> [MATERIAL PROVIDED]:
^^^^^^^^

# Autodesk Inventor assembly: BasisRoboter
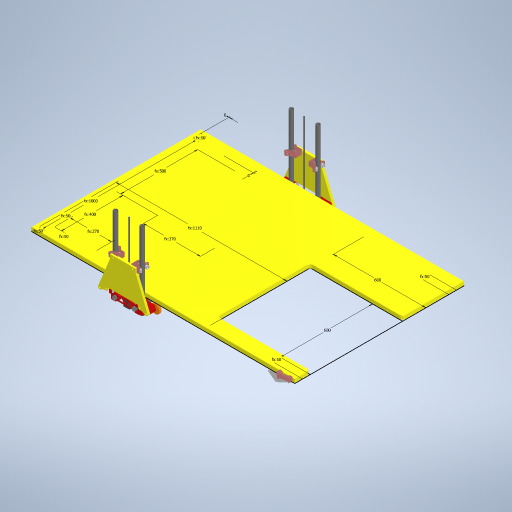
[picture p0: Inventor's stored thumbnail of the model, 512x512]
Saved by Autodesk Inventor 2024 (Build 280153000, 153)
## iProperties
Created: 2023-11-24
Part Number: BasisRoboter
Document SubType Name: Assembly
Designer: danie
Author: danie
## Documents named in this file (7)
- C:\GitHubDesktop\3d-model\basis_roboter\BasisRoboter.iam
- C:\GitHubDesktop\3d-model\basis_roboter\Grundplatte.ipt
- C:\GitHubDesktop\3d-model\basis_roboter\low_rider_v2\custom_files\XY_Assemblie.iam
- C:\GitHubDesktop\3d-model\Y_Pipe.ipt
- C:\GitHubDesktop\3d-model\basis_roboter\low_rider_v2\custom_files\Slead_Assemblie.iam
- C:\GitHubDesktop\3d-model\Imported Components\Belt_Stop\Belt_Stop.ipt
- C:\GitHubDesktop\3d-model\basis_roboter\Saugknopf.ipt
## Components (8 placed, 6 different names)
1. Grundplatte:1 — Slider:1, Mate:1, Mate:2, Flush:1, Flush:2
2. Y_Pipe:1 — Rigid:2
3. Y_Pipe:2 — Cylindrical:1, Rigid:1, Cylindrical:2
4. Slead_Assemblie:1 [sub-assembly] — Cylindrical:2
5. Belt_Stop:1 — Slider:1
6. XY_Assemblie:1 [sub-assembly] — Mate:1, Flush:1, Rigid:1, Rigid:2
7. XY_Assemblie:2 [sub-assembly] — Mate:2, Flush:2, Cylindrical:1
8. Saugknopf:1
## Relationships (9: Mate 2, Flush 2, CylindricalJoint 2, WeldJoint 2, TranslationJoint 1)
- Slider:1 [TranslationJoint]: Grundplatte:1 ↔ Belt_Stop:1
- Mate:1 (45 mm): Grundplatte:1 ↔ XY_Assemblie:1
- Mate:2 (45 mm): Grundplatte:1 ↔ XY_Assemblie:2
- Flush:1 (-8 mm): Grundplatte:1 ↔ XY_Assemblie:1
- Flush:2 (-8 mm): Grundplatte:1 ↔ XY_Assemblie:2
- Cylindrical:1: Y_Pipe:2 ↔ XY_Assemblie:2
- Rigid:1 [WeldJoint]: Y_Pipe:2 ↔ XY_Assemblie:1
- Rigid:2 [WeldJoint]: Y_Pipe:1 ↔ XY_Assemblie:1
- Cylindrical:2: Y_Pipe:2 ↔ Slead_Assemblie:1

^^^^^^^^

> [ABOUT THIS EXERCISE]:
Leave out the pictures and return the rest of the records exactly.

> [WRITTEN ANSWER]:
# Autodesk Inventor assembly: BasisRoboter
[picture p0: Inventor's stored thumbnail of the model, 512x512]
Saved by Autodesk Inventor 2024 (Build 280153000, 153)
## iProperties
Created: 2023-11-24
Part Number: BasisRoboter
Document SubType Name: Assembly
Designer: danie
Author: danie
## Documents named in this file (7)
- C:\GitHubDesktop\3d-model\basis_roboter\BasisRoboter.iam
- C:\GitHubDesktop\3d-model\basis_roboter\Grundplatte.ipt
- C:\GitHubDesktop\3d-model\basis_roboter\low_rider_v2\custom_files\XY_Assemblie.iam
- C:\GitHubDesktop\3d-model\Y_Pipe.ipt
- C:\GitHubDesktop\3d-model\basis_roboter\low_rider_v2\custom_files\Slead_Assemblie.iam
- C:\GitHubDesktop\3d-model\Imported Components\Belt_Stop\Belt_Stop.ipt
- C:\GitHubDesktop\3d-model\basis_roboter\Saugknopf.ipt
## Components (8 placed, 6 different names)
1. Grundplatte:1 — Slider:1, Mate:1, Mate:2, Flush:1, Flush:2
2. Y_Pipe:1 — Rigid:2
3. Y_Pipe:2 — Cylindrical:1, Rigid:1, Cylindrical:2
4. Slead_Assemblie:1 [sub-assembly] — Cylindrical:2
5. Belt_Stop:1 — Slider:1
6. XY_Assemblie:1 [sub-assembly] — Mate:1, Flush:1, Rigid:1, Rigid:2
7. XY_Assemblie:2 [sub-assembly] — Mate:2, Flush:2, Cylindrical:1
8. Saugknopf:1
## Relationships (9: Mate 2, Flush 2, CylindricalJoint 2, WeldJoint 2, TranslationJoint 1)
- Slider:1 [TranslationJoint]: Grundplatte:1 ↔ Belt_Stop:1
- Mate:1 (45 mm): Grundplatte:1 ↔ XY_Assemblie:1
- Mate:2 (45 mm): Grundplatte:1 ↔ XY_Assemblie:2
- Flush:1 (-8 mm): Grundplatte:1 ↔ XY_Assemblie:1
- Flush:2 (-8 mm): Grundplatte:1 ↔ XY_Assemblie:2
- Cylindrical:1: Y_Pipe:2 ↔ XY_Assemblie:2
- Rigid:1 [WeldJoint]: Y_Pipe:2 ↔ XY_Assemblie:1
- Rigid:2 [WeldJoint]: Y_Pipe:1 ↔ XY_Assemblie:1
- Cylindrical:2: Y_Pipe:2 ↔ Slead_Assemblie:1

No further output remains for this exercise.